___ Listed entries

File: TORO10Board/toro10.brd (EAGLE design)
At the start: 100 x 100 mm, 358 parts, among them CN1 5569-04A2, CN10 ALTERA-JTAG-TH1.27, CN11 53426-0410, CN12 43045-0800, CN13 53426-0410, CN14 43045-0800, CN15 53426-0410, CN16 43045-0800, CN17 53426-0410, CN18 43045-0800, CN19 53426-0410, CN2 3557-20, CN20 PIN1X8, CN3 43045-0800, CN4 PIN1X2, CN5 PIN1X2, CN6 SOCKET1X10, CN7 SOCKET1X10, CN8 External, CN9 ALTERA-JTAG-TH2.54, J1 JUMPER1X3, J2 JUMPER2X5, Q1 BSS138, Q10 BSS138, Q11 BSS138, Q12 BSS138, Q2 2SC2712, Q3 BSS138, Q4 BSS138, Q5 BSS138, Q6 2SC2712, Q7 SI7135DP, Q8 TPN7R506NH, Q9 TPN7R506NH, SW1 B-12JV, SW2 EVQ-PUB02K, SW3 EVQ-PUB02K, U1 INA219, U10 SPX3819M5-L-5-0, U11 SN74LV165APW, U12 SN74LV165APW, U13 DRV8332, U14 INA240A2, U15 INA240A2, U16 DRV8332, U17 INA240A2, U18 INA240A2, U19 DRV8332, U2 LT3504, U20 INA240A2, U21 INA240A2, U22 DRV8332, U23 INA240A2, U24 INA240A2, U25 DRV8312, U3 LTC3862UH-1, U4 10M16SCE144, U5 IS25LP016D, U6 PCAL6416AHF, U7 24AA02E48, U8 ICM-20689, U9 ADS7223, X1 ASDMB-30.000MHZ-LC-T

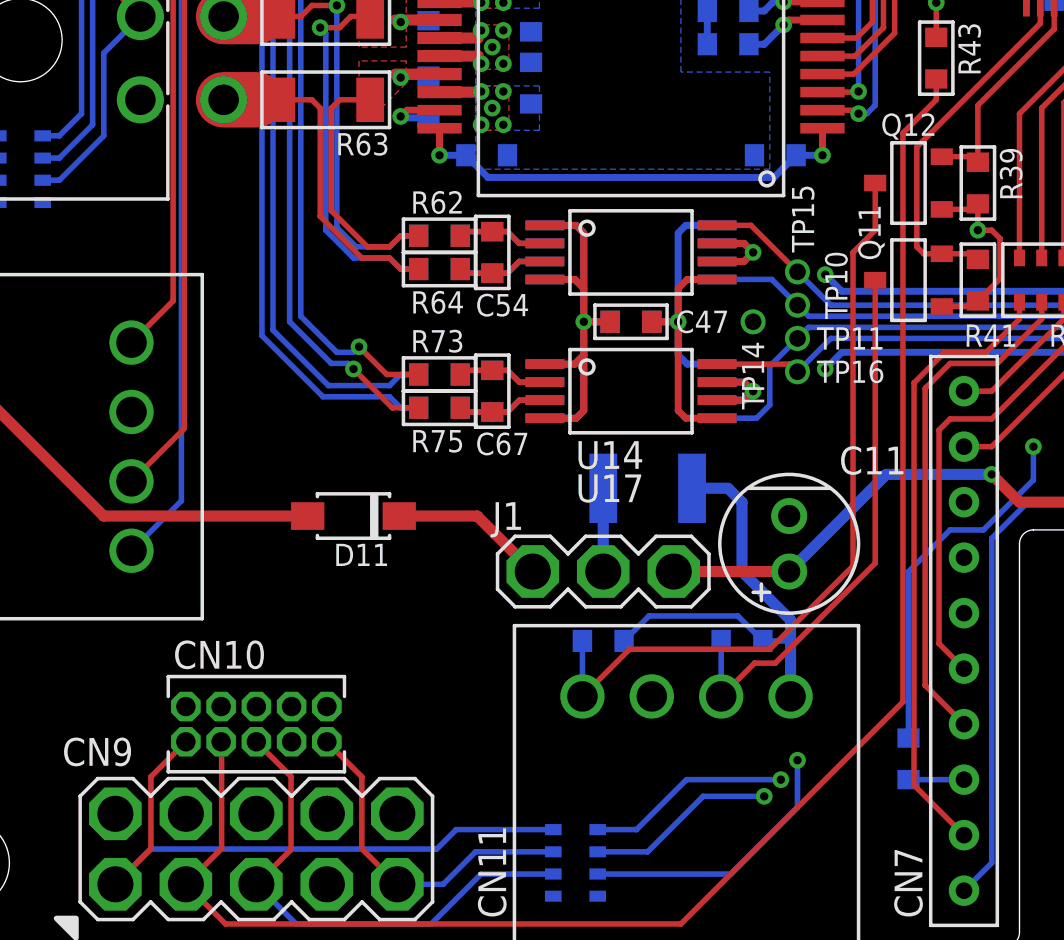
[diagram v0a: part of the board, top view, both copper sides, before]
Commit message: add kicker board
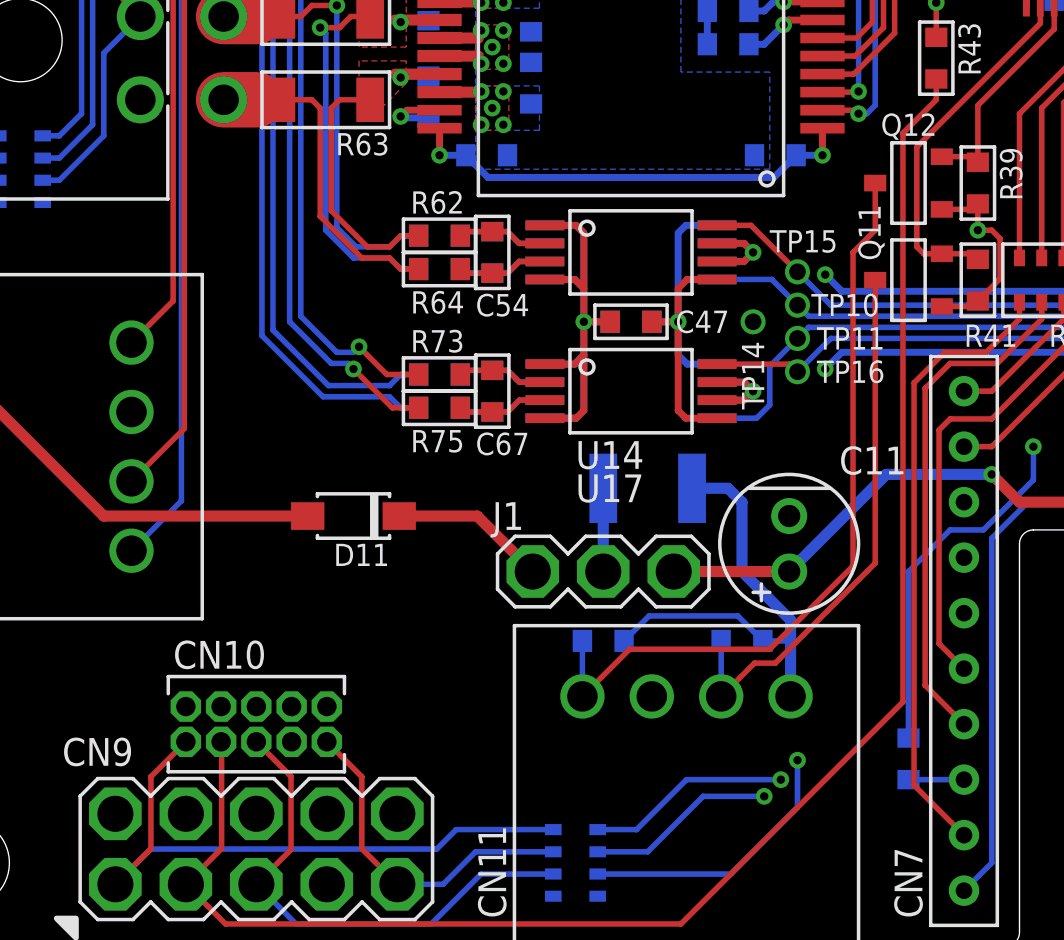
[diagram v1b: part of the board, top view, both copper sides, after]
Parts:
- CN10: device kiks-connector:PIN2X5-TH1.27 -> kiks-connector:PIN2X5-1.27
- CN4, CN5: value PIN1X2 -> (none)
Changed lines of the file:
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@@
 <attribute name="VALUE" x="0.9" y="65.7" size="0.8" layer="28" font="vector" ratio="18" rot="MR90"/>
 </element>
-<element name="CN5" library="kiks-connector" package="PIN1X2" value="PIN1X2" x="81.5" y="89.19" smashed="yes" rot="R270">
+<element name="CN5" library="kiks-connector" package="PIN1X2" value="" x="81.5" y="89.19" smashed="yes" rot="R270">
 <attribute name="NAME" x="83.01" y="87" size="1" layer="25" font="vector" ratio="15"/>
 <attribute name="VALUE" x="79" y="91.69" size="1" layer="27" font="vector" ratio="15" rot="R270"/>
@@
 <attribute name="VALUE" x="-0.1" y="95" size="1" layer="28" font="vector" ratio="15" rot="MR180"/>
 </element>
-<element name="CN4" library="kiks-connector" package="PIN1X2" value="PIN1X2" x="81.5" y="96.81" smashed="yes" rot="R270">
+<element name="CN4" library="kiks-connector" package="PIN1X2" value="" x="81.5" y="96.81" smashed="yes" rot="R270">
 <attribute name="NAME" x="81.59" y="93" size="1" layer="25" font="vector" ratio="15" align="bottom-center"/>
 <attribute name="VALUE" x="79" y="99.31" size="1" layer="27" font="vector" ratio="15" rot="R270"/>
@@
 <element name="TP2" library="kiks-mechanical" package="TESTPAD-TH" value="" x="65.5" y="74.9"/>
 <element name="TP15" library="kiks-mechanical" package="TESTPAD-TH" value="" x="33" y="24.3" smashed="yes">
-<attribute name="NAME" x="33.6" y="25" size="0.8" layer="25" font="vector" ratio="18" rot="R90"/>
+<attribute name="NAME" x="32" y="25" size="0.8" layer="25" font="vector" ratio="18"/>
 </element>
 <element name="TP16" library="kiks-mechanical" package="TESTPAD-TH" value="" x="33" y="20.7"/>
@@
 </element>
 <element name="TP10" library="kiks-mechanical" package="TESTPAD-TH" value="" x="33" y="23.1" smashed="yes">
-<attribute name="NAME" x="34.8" y="22.6" size="0.8" layer="25" font="vector" ratio="18" rot="R90"/>
+<attribute name="NAME" x="33.5" y="22.7" size="0.8" layer="25" font="vector" ratio="18"/>
 </element>
 <element name="TP11" library="kiks-mechanical" package="TESTPAD-TH" value="" x="33" y="21.9"/>
@@
 <element name="TP9" library="kiks-mechanical" package="TESTPAD-SMT" value="" x="1" y="73" rot="MR90"/>
 <element name="R33" library="kiks-passive" package="1608" value="2.2k" x="65" y="10.75" rot="R270"/>
-<element name="CN10" library="kiks-connector" package="PIN2X5-TH1.27" value="ALTERA-JTAG-TH1.27" x="13.5" y="8"/>
+<element name="CN10" library="kiks-connector" package="PIN2X5-1.27" value="ALTERA-JTAG-TH1.27" x="13.5" y="8"/>
 </elements>
 <signals>

______

The answer should be a single number: how many lines in the records contain "diagram".

2